Basically, it is equivalent to multiple instances running in parallel. Albeit, there are not multiple copies of the model made when performing the forward pass with a batch size > 1.

Generally speaking, a neural network will train more efficiently and reduce overfitting by accumulating the gradients over different examples before back propagation.

Additionally, the higher the batch size, the higher the learning rate you can use without getting exploding gradients.

And, lastly, running batches in parallel allows you to take advantage of multiprocessing in parallel, which is especially beneficial if you’re using a GPU.

Yes, the docs are correct and you are lucky by changing the shape randomly executing a wrong setup. Check my code snippet and print all shapes to understand where the issue is.

Got it, makes sense. Yeah, I just got lucky that the mixed-up dimensions were just still working by chance. Thanks!

I’m confused - am I training 1 LSTM or 4 if my batch_size is 4? Are the internal W and gate matrices shared between the 4 batches, or separate?

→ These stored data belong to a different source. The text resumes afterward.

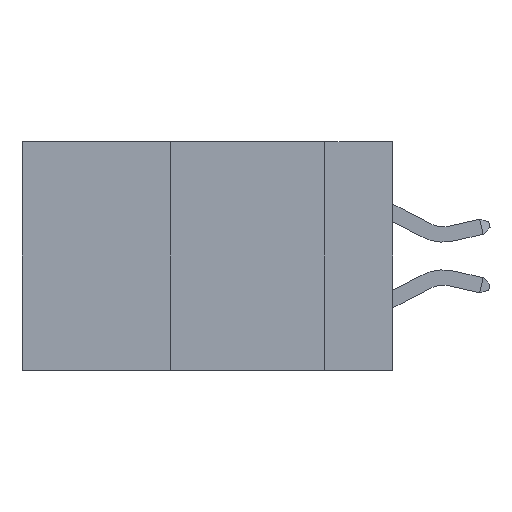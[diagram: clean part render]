
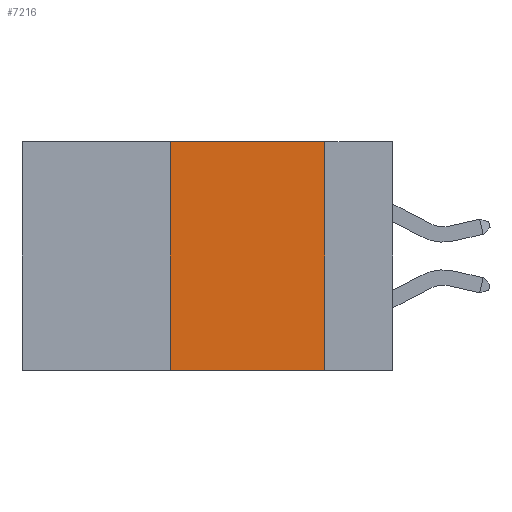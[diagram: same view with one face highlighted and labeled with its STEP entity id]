
A CAD part, left-side view. The second image highlights one B-rep face of the part: STEP entity #7216.
In plain terms, the highlighted planar face has unit normal (-1, 0, 0).
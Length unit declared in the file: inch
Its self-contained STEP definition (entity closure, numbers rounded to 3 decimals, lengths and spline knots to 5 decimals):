
#915 = FACE_OUTER_BOUND ( 'NONE', #4220, .T. ) ;
#1119 = ORIENTED_EDGE ( 'NONE', *, *, #30496, .F. ) ;
#2266 = VERTEX_POINT ( 'NONE', #2293 ) ;
#2293 = CARTESIAN_POINT ( 'NONE',  ( 0., 0.11, 0. ) ) ;
#3966 = CARTESIAN_POINT ( 'NONE',  ( 0., 0.6, 0. ) ) ;
#4220 = EDGE_LOOP ( 'NONE', ( #1119, #17563, #8876, #30420 ) ) ;
#4413 = VERTEX_POINT ( 'NONE', #17421 ) ;
#6650 = DIRECTION ( 'NONE',  ( 1., 0., 0. ) ) ;
#7216 = ADVANCED_FACE ( 'NONE', ( #915 ), #32798, .F. ) ;
#7852 = CARTESIAN_POINT ( 'NONE',  ( 0., 0.6, 0. ) ) ;
#8070 = DIRECTION ( 'NONE',  ( 0., -1., 0. ) ) ;
#8876 = ORIENTED_EDGE ( 'NONE', *, *, #10263, .F. ) ;
#10263 = EDGE_CURVE ( 'NONE', #23681, #4413, #28654, .T. ) ;
#10290 = EDGE_CURVE ( 'NONE', #4413, #2266, #22755, .T. ) ;
#12297 = AXIS2_PLACEMENT_3D ( 'NONE', #3966, #6650, #27260 ) ;
#12434 = VECTOR ( 'NONE', #25042, 39.37008 ) ;
#17421 = CARTESIAN_POINT ( 'NONE',  ( 0., 0.36, 0. ) ) ;
#17563 = ORIENTED_EDGE ( 'NONE', *, *, #10290, .F. ) ;
#22258 = CARTESIAN_POINT ( 'NONE',  ( 0., 0.36, -0.37 ) ) ;
#22406 = LINE ( 'NONE', #30984, #29024 ) ;
#22755 = LINE ( 'NONE', #7852, #12434 ) ;
#23681 = VERTEX_POINT ( 'NONE', #22258 ) ;
#25042 = DIRECTION ( 'NONE',  ( 0., -1., 0. ) ) ;
#25425 = DIRECTION ( 'NONE',  ( 0., 0., 1. ) ) ;
#25527 = DIRECTION ( 'NONE',  ( 0., 0., -1. ) ) ;
#25614 = CARTESIAN_POINT ( 'NONE',  ( 0., 0.36, 0. ) ) ;
#25917 = VERTEX_POINT ( 'NONE', #36073 ) ;
#25931 = VECTOR ( 'NONE', #25527, 39.37008 ) ;
#26271 = CARTESIAN_POINT ( 'NONE',  ( 0., 0.11, 0. ) ) ;
#27260 = DIRECTION ( 'NONE',  ( 0., 0., -1. ) ) ;
#28654 = LINE ( 'NONE', #25614, #35563 ) ;
#29024 = VECTOR ( 'NONE', #8070, 39.37008 ) ;
#30420 = ORIENTED_EDGE ( 'NONE', *, *, #31450, .T. ) ;
#30496 = EDGE_CURVE ( 'NONE', #2266, #25917, #31234, .T. ) ;
#30984 = CARTESIAN_POINT ( 'NONE',  ( 0., 0.6, -0.37 ) ) ;
#31234 = LINE ( 'NONE', #26271, #25931 ) ;
#31450 = EDGE_CURVE ( 'NONE', #23681, #25917, #22406, .T. ) ;
#32798 = PLANE ( 'NONE',  #12297 ) ;
#35563 = VECTOR ( 'NONE', #25425, 39.37008 ) ;
#36073 = CARTESIAN_POINT ( 'NONE',  ( 0., 0.11, -0.37 ) ) ;
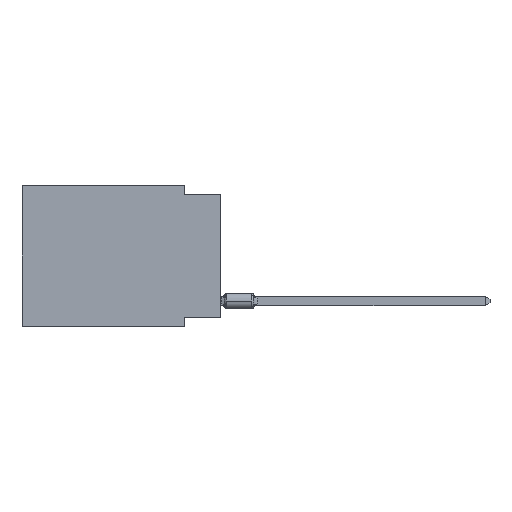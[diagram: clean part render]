
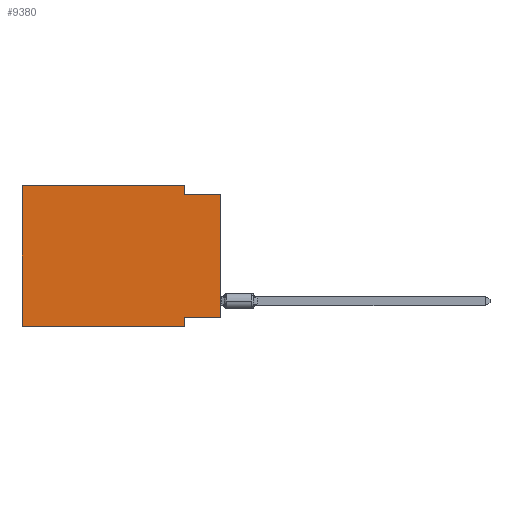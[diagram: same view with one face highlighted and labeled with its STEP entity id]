
A CAD part, left-side view. The second image highlights one B-rep face of the part: STEP entity #9380.
In plain terms, the highlighted planar face has unit normal (-1, 0, 0).
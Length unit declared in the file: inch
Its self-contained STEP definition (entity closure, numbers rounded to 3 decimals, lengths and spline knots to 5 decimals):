
#1745 = CARTESIAN_POINT ( 'NONE',  ( 0., 0.1, 0. ) ) ;
#2075 = CARTESIAN_POINT ( 'NONE',  ( 0., 0.1, -0.39 ) ) ;
#2562 = FACE_OUTER_BOUND ( 'NONE', #9921, .T. ) ;
#3038 = CARTESIAN_POINT ( 'NONE',  ( 0., 0., -0.025 ) ) ;
#5172 = EDGE_CURVE ( 'NONE', #28275, #37137, #46630, .T. ) ;
#5417 = CARTESIAN_POINT ( 'NONE',  ( 0., 0.55, -0.39 ) ) ;
#5508 = VERTEX_POINT ( 'NONE', #5417 ) ;
#6458 = CARTESIAN_POINT ( 'NONE',  ( 0., 0.55, 0. ) ) ;
#7193 = DIRECTION ( 'NONE',  ( 0., 0., -1. ) ) ;
#7413 = LINE ( 'NONE', #44160, #39345 ) ;
#8049 = CARTESIAN_POINT ( 'NONE',  ( 0., 0., -0.025 ) ) ;
#9082 = LINE ( 'NONE', #1745, #32097 ) ;
#9380 = ADVANCED_FACE ( 'NONE', ( #2562 ), #17500, .F. ) ;
#9763 = DIRECTION ( 'NONE',  ( 0., -1., 0. ) ) ;
#9921 = EDGE_LOOP ( 'NONE', ( #23277, #46369, #25581, #10775, #13002, #37512, #37413, #13834 ) ) ;
#10637 = DIRECTION ( 'NONE',  ( 1., 0., 0. ) ) ;
#10775 = ORIENTED_EDGE ( 'NONE', *, *, #43505, .F. ) ;
#11755 = EDGE_CURVE ( 'NONE', #17379, #38553, #18479, .T. ) ;
#13002 = ORIENTED_EDGE ( 'NONE', *, *, #18815, .F. ) ;
#13382 = VECTOR ( 'NONE', #45962, 39.37008 ) ;
#13705 = CARTESIAN_POINT ( 'NONE',  ( 0., 0.1, -0.39 ) ) ;
#13834 = ORIENTED_EDGE ( 'NONE', *, *, #45287, .F. ) ;
#13935 = CARTESIAN_POINT ( 'NONE',  ( 0., 0.55, 0. ) ) ;
#14050 = DIRECTION ( 'NONE',  ( 0., -1., 0. ) ) ;
#15477 = EDGE_CURVE ( 'NONE', #34697, #17379, #9082, .T. ) ;
#15896 = LINE ( 'NONE', #30567, #30431 ) ;
#17379 = VERTEX_POINT ( 'NONE', #33757 ) ;
#17500 = PLANE ( 'NONE',  #47250 ) ;
#18159 = CARTESIAN_POINT ( 'NONE',  ( 0., 0.55, 0. ) ) ;
#18479 = LINE ( 'NONE', #3038, #34993 ) ;
#18815 = EDGE_CURVE ( 'NONE', #5508, #36105, #28635, .T. ) ;
#19198 = CARTESIAN_POINT ( 'NONE',  ( 0., 0.1, -0.365 ) ) ;
#20795 = LINE ( 'NONE', #27656, #31301 ) ;
#22711 = VERTEX_POINT ( 'NONE', #42322 ) ;
#23277 = ORIENTED_EDGE ( 'NONE', *, *, #37380, .T. ) ;
#24399 = VECTOR ( 'NONE', #39544, 39.37008 ) ;
#24812 = EDGE_CURVE ( 'NONE', #5508, #37137, #20795, .T. ) ;
#25581 = ORIENTED_EDGE ( 'NONE', *, *, #15477, .F. ) ;
#27131 = CARTESIAN_POINT ( 'NONE',  ( 0., 0., -0.365 ) ) ;
#27656 = CARTESIAN_POINT ( 'NONE',  ( 0., 0.55, -0.39 ) ) ;
#28275 = VERTEX_POINT ( 'NONE', #19198 ) ;
#28635 = LINE ( 'NONE', #13935, #42385 ) ;
#30431 = VECTOR ( 'NONE', #41130, 39.37008 ) ;
#30567 = CARTESIAN_POINT ( 'NONE',  ( 0., 0., 0. ) ) ;
#31301 = VECTOR ( 'NONE', #9763, 39.37008 ) ;
#32097 = VECTOR ( 'NONE', #34173, 39.37008 ) ;
#32298 = DIRECTION ( 'NONE',  ( 0., 0., 1. ) ) ;
#33757 = CARTESIAN_POINT ( 'NONE',  ( 0., 0.1, -0.025 ) ) ;
#34173 = DIRECTION ( 'NONE',  ( 0., 0., -1. ) ) ;
#34697 = VERTEX_POINT ( 'NONE', #38255 ) ;
#34993 = VECTOR ( 'NONE', #14050, 39.37008 ) ;
#36105 = VERTEX_POINT ( 'NONE', #18159 ) ;
#37137 = VERTEX_POINT ( 'NONE', #13705 ) ;
#37380 = EDGE_CURVE ( 'NONE', #22711, #38553, #15896, .T. ) ;
#37413 = ORIENTED_EDGE ( 'NONE', *, *, #5172, .F. ) ;
#37512 = ORIENTED_EDGE ( 'NONE', *, *, #24812, .T. ) ;
#38255 = CARTESIAN_POINT ( 'NONE',  ( 0., 0.1, 0. ) ) ;
#38553 = VERTEX_POINT ( 'NONE', #8049 ) ;
#39097 = LINE ( 'NONE', #27131, #13382 ) ;
#39345 = VECTOR ( 'NONE', #41443, 39.37008 ) ;
#39544 = DIRECTION ( 'NONE',  ( 0., 0., -1. ) ) ;
#41130 = DIRECTION ( 'NONE',  ( 0., 0., 1. ) ) ;
#41443 = DIRECTION ( 'NONE',  ( 0., -1., 0. ) ) ;
#42322 = CARTESIAN_POINT ( 'NONE',  ( 0., 0., -0.365 ) ) ;
#42385 = VECTOR ( 'NONE', #32298, 39.37008 ) ;
#43505 = EDGE_CURVE ( 'NONE', #36105, #34697, #7413, .T. ) ;
#44160 = CARTESIAN_POINT ( 'NONE',  ( 0., 0.55, 0. ) ) ;
#45287 = EDGE_CURVE ( 'NONE', #22711, #28275, #39097, .T. ) ;
#45962 = DIRECTION ( 'NONE',  ( 0., 1., 0. ) ) ;
#46369 = ORIENTED_EDGE ( 'NONE', *, *, #11755, .F. ) ;
#46630 = LINE ( 'NONE', #2075, #24399 ) ;
#47250 = AXIS2_PLACEMENT_3D ( 'NONE', #6458, #10637, #7193 ) ;

“Shared”. I use that word very loosely here. What really happens is no different than any other network with a batch size > 1.

The loss function determines what occurs with autograd on the batch dim. For instance, L1Loss has a reduction parameter whose default is “mean”. That means the mean of the gradients across the batch dim is what is computed for that loss function configuration. See here:

https://pytorch.org/docs/stable/generated/torch.nn.L1Loss.html

You calculate the loss prior to backpropagation. Nothing with the parameters change until backprop(i.e. loss.backward() and optimizer.step()).

Yeah, ok, makes sense, but when backprop takes place with .backward, is it going to update as many internal W matrices in the LSTM as there are batches? Or just one, no matter what the batch size is?

Just one. There is only one copy of the parameters. The gradients get averaged over the batch and sequence dims for each data sampling given to the model.